Try it:
Which lines come from the start of the listing through the line holding "BOSS_EXTRUDE2_DEPTH = 5"? Restate exactly those, both included, minus the pictures.
***
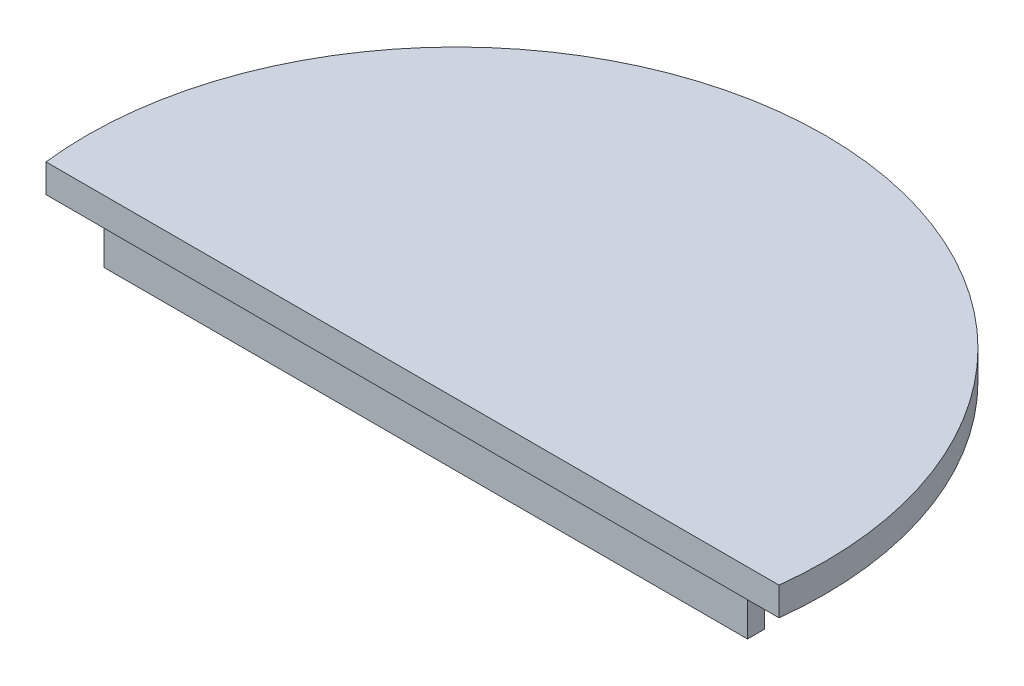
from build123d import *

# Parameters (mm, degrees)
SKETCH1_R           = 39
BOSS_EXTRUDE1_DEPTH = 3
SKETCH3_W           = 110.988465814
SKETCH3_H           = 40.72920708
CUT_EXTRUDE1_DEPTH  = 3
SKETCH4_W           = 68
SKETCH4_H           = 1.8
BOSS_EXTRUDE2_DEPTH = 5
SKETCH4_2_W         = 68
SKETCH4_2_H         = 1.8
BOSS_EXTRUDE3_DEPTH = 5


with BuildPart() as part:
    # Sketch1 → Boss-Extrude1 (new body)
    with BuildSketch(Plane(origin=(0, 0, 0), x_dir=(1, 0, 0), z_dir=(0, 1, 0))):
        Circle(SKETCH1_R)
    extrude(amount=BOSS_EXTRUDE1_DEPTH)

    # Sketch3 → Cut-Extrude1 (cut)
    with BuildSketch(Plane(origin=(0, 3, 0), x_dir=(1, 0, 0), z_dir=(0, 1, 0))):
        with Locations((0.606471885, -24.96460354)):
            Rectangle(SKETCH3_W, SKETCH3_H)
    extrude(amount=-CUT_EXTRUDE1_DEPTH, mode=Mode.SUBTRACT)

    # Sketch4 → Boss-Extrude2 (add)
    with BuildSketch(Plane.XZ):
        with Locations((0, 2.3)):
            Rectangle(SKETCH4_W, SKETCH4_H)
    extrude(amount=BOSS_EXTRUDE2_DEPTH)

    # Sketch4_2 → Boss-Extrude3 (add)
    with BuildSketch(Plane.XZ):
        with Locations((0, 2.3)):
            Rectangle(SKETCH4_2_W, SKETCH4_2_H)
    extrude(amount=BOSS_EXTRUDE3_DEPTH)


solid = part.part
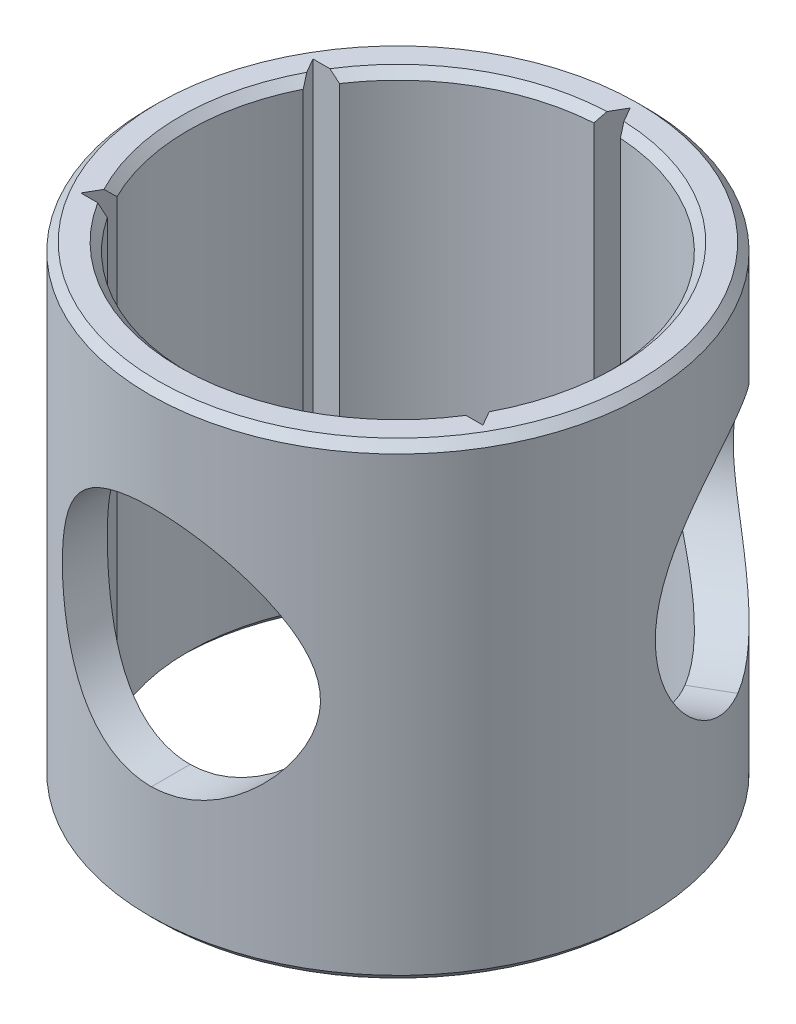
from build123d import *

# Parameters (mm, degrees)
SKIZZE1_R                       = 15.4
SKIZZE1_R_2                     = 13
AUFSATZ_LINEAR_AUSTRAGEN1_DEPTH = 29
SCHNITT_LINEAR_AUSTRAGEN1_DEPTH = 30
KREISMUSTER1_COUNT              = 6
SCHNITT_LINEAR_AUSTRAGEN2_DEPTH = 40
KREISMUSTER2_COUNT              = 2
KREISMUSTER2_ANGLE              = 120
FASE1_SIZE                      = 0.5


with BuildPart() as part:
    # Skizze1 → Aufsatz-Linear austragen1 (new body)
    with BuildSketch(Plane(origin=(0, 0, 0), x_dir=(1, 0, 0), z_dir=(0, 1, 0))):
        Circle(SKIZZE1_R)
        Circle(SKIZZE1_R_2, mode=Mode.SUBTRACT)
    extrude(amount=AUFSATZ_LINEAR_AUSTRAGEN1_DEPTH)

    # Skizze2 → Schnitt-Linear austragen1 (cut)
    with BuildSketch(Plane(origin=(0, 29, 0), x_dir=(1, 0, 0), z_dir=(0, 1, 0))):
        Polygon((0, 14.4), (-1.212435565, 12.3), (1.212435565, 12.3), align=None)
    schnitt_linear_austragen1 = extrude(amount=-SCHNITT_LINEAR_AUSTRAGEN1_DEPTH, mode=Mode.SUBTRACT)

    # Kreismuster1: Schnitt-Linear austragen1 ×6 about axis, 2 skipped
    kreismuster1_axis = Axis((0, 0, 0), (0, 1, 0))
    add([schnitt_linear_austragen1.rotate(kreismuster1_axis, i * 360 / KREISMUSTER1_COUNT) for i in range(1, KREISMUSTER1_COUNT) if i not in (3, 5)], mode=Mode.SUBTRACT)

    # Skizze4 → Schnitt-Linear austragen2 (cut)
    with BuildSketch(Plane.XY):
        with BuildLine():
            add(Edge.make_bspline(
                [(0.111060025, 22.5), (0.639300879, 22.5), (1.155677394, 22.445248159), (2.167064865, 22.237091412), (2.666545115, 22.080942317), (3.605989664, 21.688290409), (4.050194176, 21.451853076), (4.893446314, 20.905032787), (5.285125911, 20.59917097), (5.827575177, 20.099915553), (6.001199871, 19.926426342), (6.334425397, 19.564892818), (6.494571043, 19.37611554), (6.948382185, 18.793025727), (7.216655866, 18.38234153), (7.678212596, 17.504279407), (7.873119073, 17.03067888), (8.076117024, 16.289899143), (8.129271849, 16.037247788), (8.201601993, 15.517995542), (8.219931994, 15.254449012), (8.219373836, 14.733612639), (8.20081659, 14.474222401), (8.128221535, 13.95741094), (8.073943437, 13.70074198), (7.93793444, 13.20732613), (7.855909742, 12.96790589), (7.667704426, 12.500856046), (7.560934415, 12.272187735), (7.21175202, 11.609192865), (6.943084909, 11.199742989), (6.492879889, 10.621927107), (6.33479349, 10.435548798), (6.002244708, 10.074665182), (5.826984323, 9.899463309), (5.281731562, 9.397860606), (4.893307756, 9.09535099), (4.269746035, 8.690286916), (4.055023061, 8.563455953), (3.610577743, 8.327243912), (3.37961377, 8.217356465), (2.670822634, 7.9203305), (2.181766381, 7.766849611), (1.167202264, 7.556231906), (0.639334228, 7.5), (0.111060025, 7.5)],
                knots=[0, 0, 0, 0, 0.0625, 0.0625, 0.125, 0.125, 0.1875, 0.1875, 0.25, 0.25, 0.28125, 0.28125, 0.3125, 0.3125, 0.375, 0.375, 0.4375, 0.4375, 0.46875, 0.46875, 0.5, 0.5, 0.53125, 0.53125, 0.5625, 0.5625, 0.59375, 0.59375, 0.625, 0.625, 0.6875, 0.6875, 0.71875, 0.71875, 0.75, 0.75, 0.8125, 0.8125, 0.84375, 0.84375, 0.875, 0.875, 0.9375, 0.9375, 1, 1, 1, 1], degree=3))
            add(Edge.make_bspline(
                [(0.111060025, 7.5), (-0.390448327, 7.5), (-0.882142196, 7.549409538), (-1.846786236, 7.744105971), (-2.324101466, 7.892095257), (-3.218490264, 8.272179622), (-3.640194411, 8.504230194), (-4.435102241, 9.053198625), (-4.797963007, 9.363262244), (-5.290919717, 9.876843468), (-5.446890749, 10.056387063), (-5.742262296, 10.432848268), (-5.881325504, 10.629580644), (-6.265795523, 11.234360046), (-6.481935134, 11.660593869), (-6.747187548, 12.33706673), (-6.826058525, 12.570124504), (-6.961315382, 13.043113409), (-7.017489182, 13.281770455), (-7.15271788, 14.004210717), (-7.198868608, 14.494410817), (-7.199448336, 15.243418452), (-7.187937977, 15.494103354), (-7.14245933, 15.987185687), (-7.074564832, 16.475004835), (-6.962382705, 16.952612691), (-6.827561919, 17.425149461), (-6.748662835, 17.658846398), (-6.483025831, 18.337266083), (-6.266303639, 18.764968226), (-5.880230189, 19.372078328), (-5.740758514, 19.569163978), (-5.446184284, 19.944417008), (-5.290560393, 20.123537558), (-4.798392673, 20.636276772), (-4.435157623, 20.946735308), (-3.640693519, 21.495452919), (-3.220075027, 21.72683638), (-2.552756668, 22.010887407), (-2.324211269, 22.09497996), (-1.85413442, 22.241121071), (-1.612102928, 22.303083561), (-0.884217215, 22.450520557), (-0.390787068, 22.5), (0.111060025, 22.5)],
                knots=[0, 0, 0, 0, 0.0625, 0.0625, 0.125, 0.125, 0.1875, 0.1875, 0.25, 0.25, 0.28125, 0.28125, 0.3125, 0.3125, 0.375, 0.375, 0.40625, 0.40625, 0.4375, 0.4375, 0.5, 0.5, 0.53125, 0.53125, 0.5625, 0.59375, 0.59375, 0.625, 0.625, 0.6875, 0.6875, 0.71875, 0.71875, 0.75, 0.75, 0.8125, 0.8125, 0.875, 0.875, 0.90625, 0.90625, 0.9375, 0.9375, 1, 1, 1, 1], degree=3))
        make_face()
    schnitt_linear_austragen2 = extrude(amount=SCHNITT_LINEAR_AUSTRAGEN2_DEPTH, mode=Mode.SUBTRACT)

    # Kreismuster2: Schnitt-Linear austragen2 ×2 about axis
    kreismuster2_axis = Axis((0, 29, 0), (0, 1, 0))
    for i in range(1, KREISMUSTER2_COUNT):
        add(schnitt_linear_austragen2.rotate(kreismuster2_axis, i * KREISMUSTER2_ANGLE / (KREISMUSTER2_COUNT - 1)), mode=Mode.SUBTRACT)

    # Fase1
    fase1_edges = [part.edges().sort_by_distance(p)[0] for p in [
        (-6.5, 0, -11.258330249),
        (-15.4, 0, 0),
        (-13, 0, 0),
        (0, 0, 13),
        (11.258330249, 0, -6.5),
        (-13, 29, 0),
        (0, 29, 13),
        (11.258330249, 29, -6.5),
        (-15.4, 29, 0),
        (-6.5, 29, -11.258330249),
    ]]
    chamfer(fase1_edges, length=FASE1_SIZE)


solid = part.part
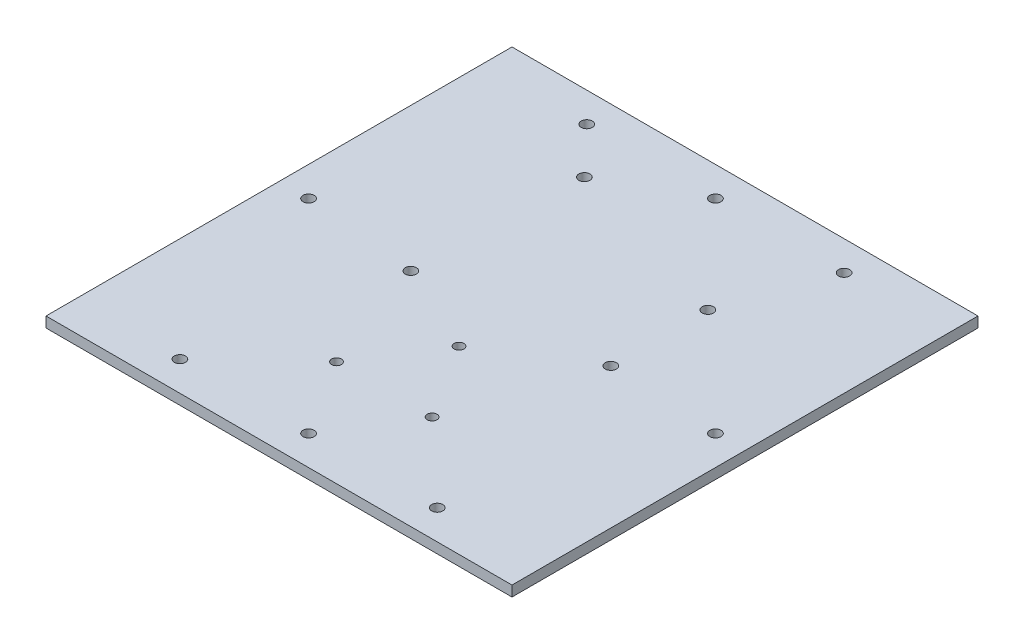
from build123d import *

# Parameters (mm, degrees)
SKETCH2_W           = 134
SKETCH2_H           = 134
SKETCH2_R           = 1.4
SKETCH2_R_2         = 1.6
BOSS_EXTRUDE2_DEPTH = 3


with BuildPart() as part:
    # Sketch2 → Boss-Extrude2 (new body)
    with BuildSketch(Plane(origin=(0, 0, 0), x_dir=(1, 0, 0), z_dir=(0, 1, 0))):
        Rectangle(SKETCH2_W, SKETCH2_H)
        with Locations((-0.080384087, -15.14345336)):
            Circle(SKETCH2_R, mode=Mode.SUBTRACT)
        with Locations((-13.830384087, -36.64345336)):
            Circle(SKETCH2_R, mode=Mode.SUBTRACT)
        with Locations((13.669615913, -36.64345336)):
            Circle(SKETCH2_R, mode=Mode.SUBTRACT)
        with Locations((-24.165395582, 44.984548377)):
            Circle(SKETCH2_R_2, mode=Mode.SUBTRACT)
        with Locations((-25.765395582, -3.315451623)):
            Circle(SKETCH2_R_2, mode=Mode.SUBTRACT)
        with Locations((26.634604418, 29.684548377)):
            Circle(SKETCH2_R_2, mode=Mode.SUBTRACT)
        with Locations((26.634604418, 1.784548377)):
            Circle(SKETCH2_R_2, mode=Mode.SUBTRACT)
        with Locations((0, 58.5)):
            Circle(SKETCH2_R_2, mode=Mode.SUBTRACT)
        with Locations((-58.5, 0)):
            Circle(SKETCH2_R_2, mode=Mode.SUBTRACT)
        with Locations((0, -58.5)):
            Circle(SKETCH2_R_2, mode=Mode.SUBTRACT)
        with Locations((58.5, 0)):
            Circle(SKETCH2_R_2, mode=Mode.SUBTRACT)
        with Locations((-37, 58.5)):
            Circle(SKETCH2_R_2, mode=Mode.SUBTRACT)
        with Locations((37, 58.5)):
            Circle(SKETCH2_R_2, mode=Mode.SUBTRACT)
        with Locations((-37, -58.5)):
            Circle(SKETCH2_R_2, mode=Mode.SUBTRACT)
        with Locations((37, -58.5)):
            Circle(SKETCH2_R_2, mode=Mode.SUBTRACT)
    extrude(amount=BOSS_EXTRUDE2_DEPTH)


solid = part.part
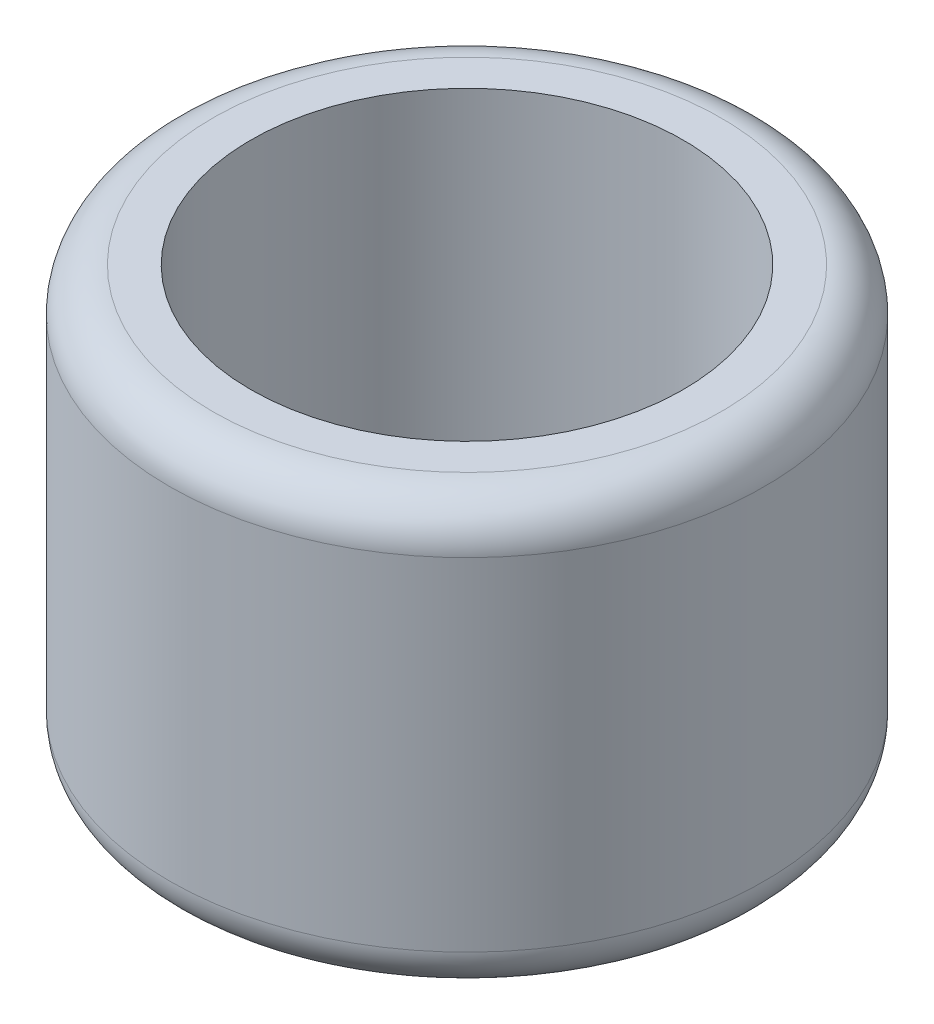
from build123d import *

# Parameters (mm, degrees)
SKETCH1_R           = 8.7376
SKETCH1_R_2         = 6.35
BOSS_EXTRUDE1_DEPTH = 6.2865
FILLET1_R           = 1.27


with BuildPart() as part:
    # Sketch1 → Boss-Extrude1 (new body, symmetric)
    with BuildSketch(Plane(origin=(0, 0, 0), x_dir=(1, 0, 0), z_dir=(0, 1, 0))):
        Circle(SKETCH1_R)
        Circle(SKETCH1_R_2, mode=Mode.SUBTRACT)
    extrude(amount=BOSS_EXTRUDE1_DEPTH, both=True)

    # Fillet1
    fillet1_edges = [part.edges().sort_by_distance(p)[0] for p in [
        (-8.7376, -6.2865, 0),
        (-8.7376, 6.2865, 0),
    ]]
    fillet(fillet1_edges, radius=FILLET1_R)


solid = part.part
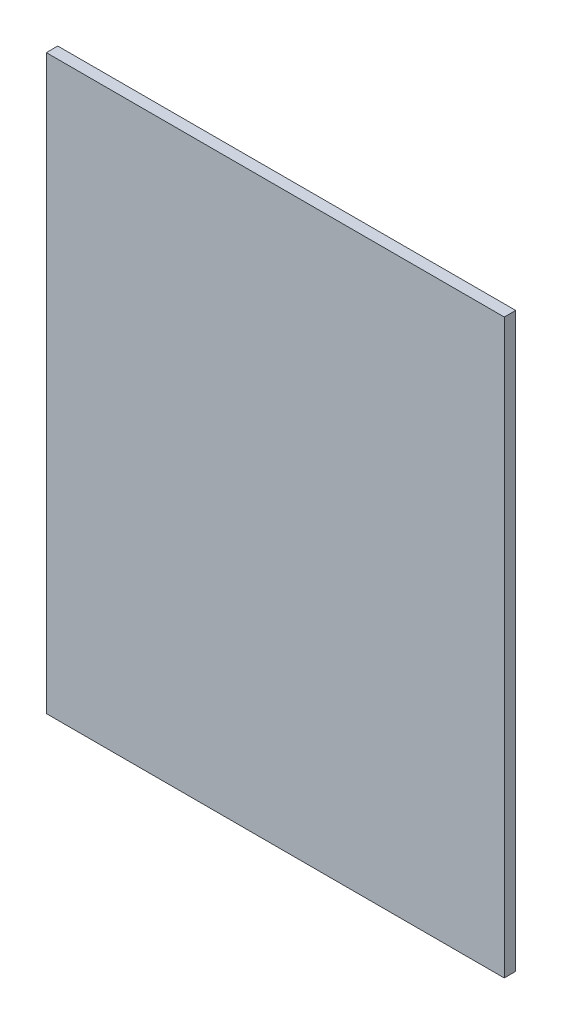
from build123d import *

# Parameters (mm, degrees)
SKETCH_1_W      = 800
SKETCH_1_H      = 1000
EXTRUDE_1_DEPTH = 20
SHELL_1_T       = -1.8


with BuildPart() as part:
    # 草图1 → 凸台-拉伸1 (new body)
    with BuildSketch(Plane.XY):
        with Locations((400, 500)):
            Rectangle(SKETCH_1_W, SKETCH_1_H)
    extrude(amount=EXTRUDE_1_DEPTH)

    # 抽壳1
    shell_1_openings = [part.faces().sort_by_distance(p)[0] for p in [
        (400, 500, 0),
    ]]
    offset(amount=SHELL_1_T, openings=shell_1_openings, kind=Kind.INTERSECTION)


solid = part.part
***
Answer to the problem:
from build123d import *

# Parameters (mm, degrees)
SKETCH1_R           = 39
BOSS_EXTRUDE1_DEPTH = 3
SKETCH3_W           = 110.988465814
SKETCH3_H           = 40.72920708
CUT_EXTRUDE1_DEPTH  = 3
SKETCH4_W           = 68
SKETCH4_H           = 1.8
BOSS_EXTRUDE2_DEPTH = 5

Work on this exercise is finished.